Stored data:
*** Block opens ***
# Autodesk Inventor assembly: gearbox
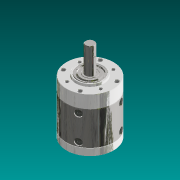
[picture p0: Inventor's stored thumbnail of the model, 180x180]
Saved by Autodesk Inventor 2020.3 (Build 243373000, 373)
## iProperties
Created: 2020-05-14
Part Number: gearbox
Document SubType Name: Assembly
Designer: Svend
Author: Svend
## Documents named in this file (8)
- C:\Users\Svend\OneDrive\Documents\GitHub\BeerMinder\3D-model\gearbox\gearbox.iam
- C:\Users\Svend\OneDrive\Documents\GitHub\BeerMinder\3D-model\bearings\Ball Bearing 608ZZ.ipt
- C:\Users\Svend\OneDrive\Documents\GitHub\BeerMinder\3D-model\gearbox\bovenkantGearbox.ipt
- C:\Users\Svend\OneDrive\Documents\GitHub\BeerMinder\3D-model\gearbox\onderkantGearbox.ipt
- C:\Users\Svend\OneDrive\Documents\GitHub\BeerMinder\3D-model\gearbox\middenGearbox.ipt
- C:\Users\Svend\OneDrive\Documents\GitHub\BeerMinder\3D-model\gearbox\asGearbox.ipt
- C:\Users\Svend\OneDrive\Documents\Inventor\Content Center Files\R2020\en-US\ISO 14581_2013(E)\ISO 14581 - M3x6-4.8.ipt
- C:\Users\Svend\OneDrive\Documents\GitHub\BeerMinder\3D-model\gearbox\spie.ipt
## Components (15 placed, 7 different names)
1. Ball Bearing 608ZZ:1 — Mate:1, Flush:1
2. bovenkantGearbox:1 — Mate:1, Flush:1, Mate:2, Flush:2, Mate:3, Mate:5, Flush:3
3. onderkantGearbox:1 — Mate:4, Mate:6
4. Ball Bearing 608ZZ:2 — Mate:2, Flush:2
5. middenGearbox:1 — Mate:3, Mate:4, Mate:5, Mate:6, Mate:7, Mate:8, Mate:9, Mate:10, Mate:11, Mate:12, Mate:13, Mate:14, Mate:15, Mate:16, Mate:17, Mate:18, Mate:19, Mate:20, Mate:21, Mate:22, Mate:23
6. asGearbox:1 — Mate:7, Flush:3, Mate:24, Mate:25, Mate:26
7. Screw ISO 14581:2013(E) M3x6-4.8:1 — Mate:8, Mate:15
8. Screw ISO 14581:2013(E) M3x6-4.8:2 — Mate:9, Mate:14
9. Screw ISO 14581:2013(E) M3x6-4.8:3 — Mate:20, Mate:23
10. Screw ISO 14581:2013(E) M3x6-4.8:4 — Mate:21, Mate:22
11. Screw ISO 14581:2013(E) M3x6-4.8:5 — Mate:11, Mate:13
12. Screw ISO 14581:2013(E) M3x6-4.8:6 — Mate:16, Mate:18
13. Screw ISO 14581:2013(E) M3x6-4.8:7 — Mate:10, Mate:12
14. Screw ISO 14581:2013(E) M3x6-4.8:8 — Mate:17, Mate:19
15. spie:1 — Mate:24, Mate:25, Mate:26
## Relationships (29: Mate 26, Flush 3)
- Mate:1: Ball Bearing 608ZZ:1 ↔ bovenkantGearbox:1
- Flush:1: Ball Bearing 608ZZ:1 ↔ bovenkantGearbox:1
- Mate:2: bovenkantGearbox:1 ↔ Ball Bearing 608ZZ:2
- Flush:2: bovenkantGearbox:1 ↔ Ball Bearing 608ZZ:2
- Mate:3: bovenkantGearbox:1 ↔ middenGearbox:1
- Mate:4: onderkantGearbox:1 ↔ middenGearbox:1
- Mate:5: bovenkantGearbox:1 ↔ middenGearbox:1
- Mate:6: onderkantGearbox:1 ↔ middenGearbox:1
- Mate:7: middenGearbox:1 ↔ asGearbox:1
- Flush:3 (-23 mm): bovenkantGearbox:1 ↔ asGearbox:1
- Mate:8: middenGearbox:1 ↔ Screw ISO 14581:2013(E) M3x6-4.8:1
- Mate:9: middenGearbox:1 ↔ Screw ISO 14581:2013(E) M3x6-4.8:2
- Mate:10: middenGearbox:1 ↔ Screw ISO 14581:2013(E) M3x6-4.8:7
- Mate:11: middenGearbox:1 ↔ Screw ISO 14581:2013(E) M3x6-4.8:5
- Mate:12: middenGearbox:1 ↔ Screw ISO 14581:2013(E) M3x6-4.8:7
- Mate:13: middenGearbox:1 ↔ Screw ISO 14581:2013(E) M3x6-4.8:5
- Mate:14: middenGearbox:1 ↔ Screw ISO 14581:2013(E) M3x6-4.8:2
- Mate:15: middenGearbox:1 ↔ Screw ISO 14581:2013(E) M3x6-4.8:1
- Mate:16: middenGearbox:1 ↔ Screw ISO 14581:2013(E) M3x6-4.8:6
- Mate:17: middenGearbox:1 ↔ Screw ISO 14581:2013(E) M3x6-4.8:8
- Mate:18: middenGearbox:1 ↔ Screw ISO 14581:2013(E) M3x6-4.8:6
- Mate:19: middenGearbox:1 ↔ Screw ISO 14581:2013(E) M3x6-4.8:8
- Mate:20: middenGearbox:1 ↔ Screw ISO 14581:2013(E) M3x6-4.8:3
- Mate:21: middenGearbox:1 ↔ Screw ISO 14581:2013(E) M3x6-4.8:4
- Mate:22: middenGearbox:1 ↔ Screw ISO 14581:2013(E) M3x6-4.8:4
- Mate:23: middenGearbox:1 ↔ Screw ISO 14581:2013(E) M3x6-4.8:3
- Mate:24: asGearbox:1 ↔ spie:1
- Mate:25: asGearbox:1 ↔ spie:1
- Mate:26: asGearbox:1 ↔ spie:1
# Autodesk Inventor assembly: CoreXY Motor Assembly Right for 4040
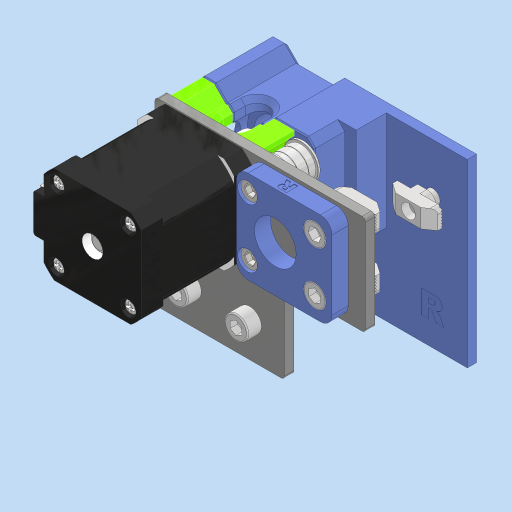
[picture p0: Inventor's stored thumbnail of the model, 512x512]
Saved by Autodesk Inventor 2023.2 (Build 272271000, 271)
## iProperties
Created: 2023-11-27
Part Number: CoreXY Motor Assembly Right for 4040
Document SubType Name: Assembly
Designer: Nils Bade
Author: Nils Bade
## Documents named in this file (16)
- C:\Users\nilsb\Documents\Inventor\Projektarbeit-Bade\RatRig_Bade\CoreXY Motor Assembly Right for 4040.iam
- C:\Users\nilsb\Documents\Inventor\Projektarbeit-Bade\RatRig_modified\xy Motorcage Top Right for 4040.ipt
- C:\Users\nilsb\Documents\Inventor\Projektarbeit-Bade\RatRig_Standards\xy_motor_cage_bottom_right_3.1 v2.ipt
- C:\Users\nilsb\Documents\Inventor\Projektarbeit-Bade\RatRig_modified\Motor Plate Top for 4040.ipt
- C:\Users\nilsb\Documents\Inventor\Projektarbeit-Bade\RatRig_Standards\Nema 17 Stepper Motor - 48mm - 1.8degree_step, 76oz-in v1.ipt
- C:\Users\nilsb\Documents\Inventor\Projektarbeit-Bade\RatRig_Standards\Timing Pulley - 2GT (2mm) - 20 Tooth - For 9mm Belt - 5mm Bo v1.ipt
- C:\Users\nilsb\Documents\Inventor\Projektarbeit-Bade\Schrauben\Cap Head Screw M3x35 v2.ipt
- C:\Users\nilsb\Documents\Inventor\Projektarbeit-Bade\RatRig_modified\T-NUT - DropIn 4040 SERIES - M6.ipt
- C:\Users\nilsb\Documents\Inventor\Projektarbeit-Bade\Schrauben\Cap Head Screw M6x16 - DIN912.ipt
- C:\Users\nilsb\Documents\Inventor\Projektarbeit-Bade\Schrauben\Countersink Screw M6x14 v2.ipt
- C:\Users\nilsb\Documents\Inventor\Projektarbeit-Bade\RatRig_modified\xy Motor Support Right for 4040.ipt
- C:\Users\nilsb\Documents\Inventor\Projektarbeit-Bade\Schrauben\Cap Head Screw M5x40 v2.ipt
- C:\Users\nilsb\Documents\Inventor\Projektarbeit-Bade\RatRig_Standards\Hex Locking Nut - M5 v2.ipt
- C:\Users\nilsb\Documents\Inventor\Projektarbeit-Bade\RatRig_Standards\Mini Precision Shim - 8x5x1mm v2.ipt
- C:\Users\nilsb\Documents\Inventor\Projektarbeit-Bade\RatRig_Standards\Ball Bearing - F695ZZ v1.ipt
- C:\Users\nilsb\Documents\Inventor\Projektarbeit-Bade\RatRig_Standards\Ball Bearing - 695ZZ v1.ipt
## Components (42 placed, 15 different names)
1. xy Motorcage Top Right for 4040:1 — Passend:1, Passend:2, Passend:3, Passend:11, Passend:12, Passend:13, Passend:14, Passend:15, Passend:16, Passend:17, Passend:18, Passend:19, Passend:24, Passend:25, Winkel:3, Winkel:6, Winkel:7, Passend:30, Passend:31, Passend:32, Passend:41, Passend:42, Passend:43, Passend:44, Passend:45, Passend:46, Winkel:10, Winkel:11, Passend:58, Passend:59, Passend:68, Passend:85
2. xy_motor_cage_bottom_right_3.1 v2:1 — Passend:1, Passend:2, Passend:3, Passend:4, Passend:5, Passend:6
3. Motor Plate Top for 4040:1 — Passend:4, Passend:5, Passend:6, Passend:7, Winkel:1, Passend:10, Passend:20, Passend:21, Passend:22, Passend:23, Winkel:4, Winkel:5, Winkel:8, Winkel:9, Passend:26, Passend:27, Passend:28, Passend:29, Passend:33, Passend:34, Passend:35, Passend:36, Passend:39, Passend:40, Passend:47, Passend:48, Passend:49, Passend:66, Passend:73
4. Nema 17 Stepper Motor - 48mm - 1.8degree_step, 76oz-in v1:1 — Passend:7, Winkel:1, Passend:8, Passend:9, Winkel:2, Passend:10
5. Timing Pulley - 2GT (2mm) - 20 Tooth - For 9mm Belt - 5mm Bo v1:1 — Passend:8, Passend:9, Winkel:2
6. Cap Head Screw M3x35 v2:1 — Passend:13, Passend:17
7. Cap Head Screw M3x35 v2:2 — Passend:12, Passend:15
8. Cap Head Screw M3x35 v2:3 — Passend:14, Passend:18
9. Cap Head Screw M3x35 v2:4 — Passend:11, Passend:16
10. T-NUT - DROP IN TYPE FOR 40 SERIES - M6:1 — Passend:20, Winkel:4, Passend:29
11. T-NUT - DROP IN TYPE FOR 40 SERIES - M6:2 — Passend:21, Winkel:5, Passend:28
12. T-NUT - DROP IN TYPE FOR 40 SERIES - M6:3 — Passend:23, Winkel:9, Passend:26
13. T-NUT - DROP IN TYPE FOR 40 SERIES - M6:4 — Passend:22, Winkel:8, Passend:27
14. T-NUT - DROP IN TYPE FOR 40 SERIES - M6:5 — Passend:24, Winkel:6, Passend:31
15. T-NUT - DROP IN TYPE FOR 40 SERIES - M6:6 — Passend:25, Winkel:7, Passend:32
16. T-NUT - DROP IN TYPE FOR 40 SERIES - M6:7 — Passend:19, Winkel:3, Passend:30
17. Cap Head Screw M6x16 - DIN912:1 — Passend:36, Passend:51
18. Cap Head Screw M6x16 - DIN912:2 — Passend:35, Passend:50
19. Cap Head Screw M6x16 - DIN912:3 — Passend:34, Passend:39
20. Cap Head Screw M6x16 - DIN912:4 — Passend:33, Passend:40
21. Countersink Screw M6x14 v2:1 — Passend:43, Passend:45
22. Countersink Screw M6x14 v2:2 — Passend:44, Passend:46
23. Countersink Screw M6x14 v2:3 — Passend:41, Passend:42
24. xy Motor Support Right for 4040:1 — Passend:47, Passend:48, Passend:49, Passend:50, Passend:51, Passend:52, Passend:53, Passend:54, Passend:55
25. Cap Head Screw M5x40 v2:1 — Passend:52, Passend:55, Passend:56, Passend:62, Passend:63, Passend:64, Passend:74, Passend:76, Passend:78, Passend:81, Passend:83, Passend:86
26. Cap Head Screw M5x40 v2:2 — Passend:53, Passend:54, Passend:57, Passend:60, Passend:61, Passend:65, Passend:69, Passend:71
27. Hex Locking Nut - M5 v2:1 — Passend:56, Winkel:10, Passend:59
28. Hex Locking Nut - M5 v2:2 — Passend:57, Winkel:11, Passend:58
29. Mini Precision Shim - 8x5x1mm v2:1 — Passend:60, Passend:66, Passend:67
30. Mini Precision Shim - 8x5x1mm v2:2 — Passend:61, Passend:68
31. Mini Precision Shim - 8x5x1mm v2:3 — Passend:62, Passend:73, Passend:75
32. Mini Precision Shim - 8x5x1mm v2:4 — Passend:63, Passend:80, Passend:82
33. Mini Precision Shim - 8x5x1mm v2:5 — Passend:64, Passend:85
34. Ball Bearing - F695ZZ v1:1 — Passend:86, Passend:87
35. Ball Bearing - F695ZZ v1:2 — Passend:78, Passend:79, Passend:80
36. Ball Bearing - F695ZZ v1:3 — Passend:71, Passend:72
37. Ball Bearing - F695ZZ v1:4 — Passend:81, Passend:82, Passend:84
38. Ball Bearing - F695ZZ v1:5 — Passend:74, Passend:75, Passend:77
39. Ball Bearing - F695ZZ v1:6 — Passend:65, Passend:67, Passend:70
40. Ball Bearing - 695ZZ v1:1 — Passend:69, Passend:70, Passend:72
41. Ball Bearing - 695ZZ v1:2 — Passend:76, Passend:77, Passend:79
42. Ball Bearing - 695ZZ v1:3 — Passend:83, Passend:84, Passend:87
## Relationships (96: Mate 85, Angle 11)
- Passend:1 [Mate]: xy Motorcage Top Right for 4040:1 ↔ xy_motor_cage_bottom_right_3.1 v2:1
- Passend:2 [Mate]: xy Motorcage Top Right for 4040:1 ↔ xy_motor_cage_bottom_right_3.1 v2:1
- Passend:3 [Mate]: xy Motorcage Top Right for 4040:1 ↔ xy_motor_cage_bottom_right_3.1 v2:1
- Passend:4 [Mate]: xy_motor_cage_bottom_right_3.1 v2:1 ↔ Motor Plate Top for 4040:1
- Passend:5 [Mate]: xy_motor_cage_bottom_right_3.1 v2:1 ↔ Motor Plate Top for 4040:1
- Passend:6 [Mate]: xy_motor_cage_bottom_right_3.1 v2:1 ↔ Motor Plate Top for 4040:1
- Passend:7 [Mate]: Motor Plate Top for 4040:1 ↔ Nema 17 Stepper Motor - 48mm - 1.8degree_step, 76oz-in v1:1
- Winkel:1 [Angle] (0 deg): Motor Plate Top for 4040:1 ↔ Nema 17 Stepper Motor - 48mm - 1.8degree_step, 76oz-in v1:1
- Passend:8 [Mate]: Nema 17 Stepper Motor - 48mm - 1.8degree_step, 76oz-in v1:1 ↔ Timing Pulley - 2GT (2mm) - 20 Tooth - For 9mm Belt - 5mm Bo v1:1
- Passend:9 [Mate] (1 mm): Nema 17 Stepper Motor - 48mm - 1.8degree_step, 76oz-in v1:1 ↔ Timing Pulley - 2GT (2mm) - 20 Tooth - For 9mm Belt - 5mm Bo v1:1
- Winkel:2 [Angle] (0 deg): Nema 17 Stepper Motor - 48mm - 1.8degree_step, 76oz-in v1:1 ↔ Timing Pulley - 2GT (2mm) - 20 Tooth - For 9mm Belt - 5mm Bo v1:1
- Passend:10 [Mate]: Motor Plate Top for 4040:1 ↔ Nema 17 Stepper Motor - 48mm - 1.8degree_step, 76oz-in v1:1
- Passend:11 [Mate]: xy Motorcage Top Right for 4040:1 ↔ Cap Head Screw M3x35 v2:4
- Passend:12 [Mate]: xy Motorcage Top Right for 4040:1 ↔ Cap Head Screw M3x35 v2:2
- Passend:13 [Mate]: xy Motorcage Top Right for 4040:1 ↔ Cap Head Screw M3x35 v2:1
- Passend:14 [Mate]: xy Motorcage Top Right for 4040:1 ↔ Cap Head Screw M3x35 v2:3
- Passend:15 [Mate]: xy Motorcage Top Right for 4040:1 ↔ Cap Head Screw M3x35 v2:2
- Passend:16 [Mate]: xy Motorcage Top Right for 4040:1 ↔ Cap Head Screw M3x35 v2:4
- Passend:17 [Mate]: xy Motorcage Top Right for 4040:1 ↔ Cap Head Screw M3x35 v2:1
- Passend:18 [Mate]: xy Motorcage Top Right for 4040:1 ↔ Cap Head Screw M3x35 v2:3
- Passend:19 [Mate]: xy Motorcage Top Right for 4040:1 ↔ T-NUT - DROP IN TYPE FOR 40 SERIES - M6:7
- Passend:20 [Mate]: Motor Plate Top for 4040:1 ↔ T-NUT - DROP IN TYPE FOR 40 SERIES - M6:1
- Passend:21 [Mate]: Motor Plate Top for 4040:1 ↔ T-NUT - DROP IN TYPE FOR 40 SERIES - M6:2
- Passend:22 [Mate]: Motor Plate Top for 4040:1 ↔ T-NUT - DROP IN TYPE FOR 40 SERIES - M6:4
- Passend:23 [Mate]: Motor Plate Top for 4040:1 ↔ T-NUT - DROP IN TYPE FOR 40 SERIES - M6:3
- Passend:24 [Mate]: xy Motorcage Top Right for 4040:1 ↔ T-NUT - DROP IN TYPE FOR 40 SERIES - M6:5
- Passend:25 [Mate]: xy Motorcage Top Right for 4040:1 ↔ T-NUT - DROP IN TYPE FOR 40 SERIES - M6:6
- Winkel:3 [Angle] (0 deg): xy Motorcage Top Right for 4040:1 ↔ T-NUT - DROP IN TYPE FOR 40 SERIES - M6:7
- Winkel:4 [Angle] (0 deg): Motor Plate Top for 4040:1 ↔ T-NUT - DROP IN TYPE FOR 40 SERIES - M6:1
- Winkel:5 [Angle] (0 deg): Motor Plate Top for 4040:1 ↔ T-NUT - DROP IN TYPE FOR 40 SERIES - M6:2
- Winkel:6 [Angle] (0 deg): xy Motorcage Top Right for 4040:1 ↔ T-NUT - DROP IN TYPE FOR 40 SERIES - M6:5
- Winkel:7 [Angle] (0 deg): xy Motorcage Top Right for 4040:1 ↔ T-NUT - DROP IN TYPE FOR 40 SERIES - M6:6
- Winkel:8 [Angle] (0 deg): Motor Plate Top for 4040:1 ↔ T-NUT - DROP IN TYPE FOR 40 SERIES - M6:4
- Winkel:9 [Angle] (0 deg): Motor Plate Top for 4040:1 ↔ T-NUT - DROP IN TYPE FOR 40 SERIES - M6:3
- Passend:26 [Mate] (5.5 mm): Motor Plate Top for 4040:1 ↔ T-NUT - DROP IN TYPE FOR 40 SERIES - M6:3
- Passend:27 [Mate] (5.5 mm): Motor Plate Top for 4040:1 ↔ T-NUT - DROP IN TYPE FOR 40 SERIES - M6:4
- Passend:28 [Mate] (5.5 mm): Motor Plate Top for 4040:1 ↔ T-NUT - DROP IN TYPE FOR 40 SERIES - M6:2
- Passend:29 [Mate] (5.5 mm): Motor Plate Top for 4040:1 ↔ T-NUT - DROP IN TYPE FOR 40 SERIES - M6:1
- Passend:30 [Mate] (5.5 mm): xy Motorcage Top Right for 4040:1 ↔ T-NUT - DROP IN TYPE FOR 40 SERIES - M6:7
- Passend:31 [Mate] (5.5 mm): xy Motorcage Top Right for 4040:1 ↔ T-NUT - DROP IN TYPE FOR 40 SERIES - M6:5
- Passend:32 [Mate] (5.5 mm): xy Motorcage Top Right for 4040:1 ↔ T-NUT - DROP IN TYPE FOR 40 SERIES - M6:6
- Passend:33 [Mate]: Motor Plate Top for 4040:1 ↔ Cap Head Screw M6x16 - DIN912:4
- Passend:34 [Mate]: Motor Plate Top for 4040:1 ↔ Cap Head Screw M6x16 - DIN912:3
- Passend:35 [Mate]: Motor Plate Top for 4040:1 ↔ Cap Head Screw M6x16 - DIN912:2
- Passend:36 [Mate]: Motor Plate Top for 4040:1 ↔ Cap Head Screw M6x16 - DIN912:1
- Passend:39 [Mate]: Motor Plate Top for 4040:1 ↔ Cap Head Screw M6x16 - DIN912:3
- Passend:40 [Mate]: Motor Plate Top for 4040:1 ↔ Cap Head Screw M6x16 - DIN912:4
- Passend:41 [Mate]: xy Motorcage Top Right for 4040:1 ↔ Countersink Screw M6x14 v2:3
- Passend:42 [Mate]: xy Motorcage Top Right for 4040:1 ↔ Countersink Screw M6x14 v2:3
- Passend:43 [Mate]: xy Motorcage Top Right for 4040:1 ↔ Countersink Screw M6x14 v2:1
- Passend:44 [Mate]: xy Motorcage Top Right for 4040:1 ↔ Countersink Screw M6x14 v2:2
- Passend:45 [Mate]: xy Motorcage Top Right for 4040:1 ↔ Countersink Screw M6x14 v2:1
- Passend:46 [Mate]: xy Motorcage Top Right for 4040:1 ↔ Countersink Screw M6x14 v2:2
- Passend:47 [Mate]: Motor Plate Top for 4040:1 ↔ xy Motor Support Right for 4040:1
- Passend:48 [Mate]: Motor Plate Top for 4040:1 ↔ xy Motor Support Right for 4040:1
- Passend:49 [Mate]: Motor Plate Top for 4040:1 ↔ xy Motor Support Right for 4040:1
- Passend:50 [Mate]: Cap Head Screw M6x16 - DIN912:2 ↔ xy Motor Support Right for 4040:1
- Passend:51 [Mate]: Cap Head Screw M6x16 - DIN912:1 ↔ xy Motor Support Right for 4040:1
- Passend:52 [Mate]: xy Motor Support Right for 4040:1 ↔ Cap Head Screw M5x40 v2:1
- Passend:53 [Mate]: xy Motor Support Right for 4040:1 ↔ Cap Head Screw M5x40 v2:2
- Passend:54 [Mate]: xy Motor Support Right for 4040:1 ↔ Cap Head Screw M5x40 v2:2
- Passend:55 [Mate]: xy Motor Support Right for 4040:1 ↔ Cap Head Screw M5x40 v2:1
- Passend:56 [Mate]: Cap Head Screw M5x40 v2:1 ↔ Hex Locking Nut - M5 v2:1
- Passend:57 [Mate]: Cap Head Screw M5x40 v2:2 ↔ Hex Locking Nut - M5 v2:2
- Winkel:10 [Angle] (0 deg): xy Motorcage Top Right for 4040:1 ↔ Hex Locking Nut - M5 v2:1
- Winkel:11 [Angle] (0 deg): xy Motorcage Top Right for 4040:1 ↔ Hex Locking Nut - M5 v2:2
- Passend:58 [Mate]: xy Motorcage Top Right for 4040:1 ↔ Hex Locking Nut - M5 v2:2
- Passend:59 [Mate]: xy Motorcage Top Right for 4040:1 ↔ Hex Locking Nut - M5 v2:1
- Passend:60 [Mate]: Cap Head Screw M5x40 v2:2 ↔ Mini Precision Shim - 8x5x1mm v2:1
- Passend:61 [Mate]: Cap Head Screw M5x40 v2:2 ↔ Mini Precision Shim - 8x5x1mm v2:2
- Passend:62 [Mate]: Cap Head Screw M5x40 v2:1 ↔ Mini Precision Shim - 8x5x1mm v2:3
- Passend:63 [Mate]: Cap Head Screw M5x40 v2:1 ↔ Mini Precision Shim - 8x5x1mm v2:4
- Passend:64 [Mate]: Cap Head Screw M5x40 v2:1 ↔ Mini Precision Shim - 8x5x1mm v2:5
- Passend:65 [Mate]: Cap Head Screw M5x40 v2:2 ↔ Ball Bearing - F695ZZ v1:6
- Passend:66 [Mate]: Motor Plate Top for 4040:1 ↔ Mini Precision Shim - 8x5x1mm v2:1
- Passend:67 [Mate]: Mini Precision Shim - 8x5x1mm v2:1 ↔ Ball Bearing - F695ZZ v1:6
- Passend:68 [Mate]: xy Motorcage Top Right for 4040:1 ↔ Mini Precision Shim - 8x5x1mm v2:2
- Passend:69 [Mate]: Cap Head Screw M5x40 v2:2 ↔ Ball Bearing - 695ZZ v1:1
- Passend:70 [Mate]: Ball Bearing - F695ZZ v1:6 ↔ Ball Bearing - 695ZZ v1:1
- Passend:71 [Mate]: Cap Head Screw M5x40 v2:2 ↔ Ball Bearing - F695ZZ v1:3
- Passend:72 [Mate]: Ball Bearing - F695ZZ v1:3 ↔ Ball Bearing - 695ZZ v1:1
- Passend:73 [Mate]: Motor Plate Top for 4040:1 ↔ Mini Precision Shim - 8x5x1mm v2:3
- Passend:74 [Mate]: Cap Head Screw M5x40 v2:1 ↔ Ball Bearing - F695ZZ v1:5
- Passend:75 [Mate]: Mini Precision Shim - 8x5x1mm v2:3 ↔ Ball Bearing - F695ZZ v1:5
- Passend:76 [Mate]: Cap Head Screw M5x40 v2:1 ↔ Ball Bearing - 695ZZ v1:2
- Passend:77 [Mate]: Ball Bearing - F695ZZ v1:5 ↔ Ball Bearing - 695ZZ v1:2
- Passend:78 [Mate]: Cap Head Screw M5x40 v2:1 ↔ Ball Bearing - F695ZZ v1:2
- Passend:79 [Mate]: Ball Bearing - F695ZZ v1:2 ↔ Ball Bearing - 695ZZ v1:2
- Passend:80 [Mate]: Mini Precision Shim - 8x5x1mm v2:4 ↔ Ball Bearing - F695ZZ v1:2
- Passend:81 [Mate]: Cap Head Screw M5x40 v2:1 ↔ Ball Bearing - F695ZZ v1:4
- Passend:82 [Mate]: Mini Precision Shim - 8x5x1mm v2:4 ↔ Ball Bearing - F695ZZ v1:4
- Passend:83 [Mate]: Cap Head Screw M5x40 v2:1 ↔ Ball Bearing - 695ZZ v1:3
- Passend:84 [Mate]: Ball Bearing - F695ZZ v1:4 ↔ Ball Bearing - 695ZZ v1:3
- Passend:85 [Mate]: xy Motorcage Top Right for 4040:1 ↔ Mini Precision Shim - 8x5x1mm v2:5
- Passend:86 [Mate]: Cap Head Screw M5x40 v2:1 ↔ Ball Bearing - F695ZZ v1:1
- Passend:87 [Mate]: Ball Bearing - F695ZZ v1:1 ↔ Ball Bearing - 695ZZ v1:3
*** Block closes ***
### TO DO
The lines that mention the word "Components" should be pulled from the records above.

### ANSWER BOX
## Components (15 placed, 7 different names)
## Components (42 placed, 15 different names)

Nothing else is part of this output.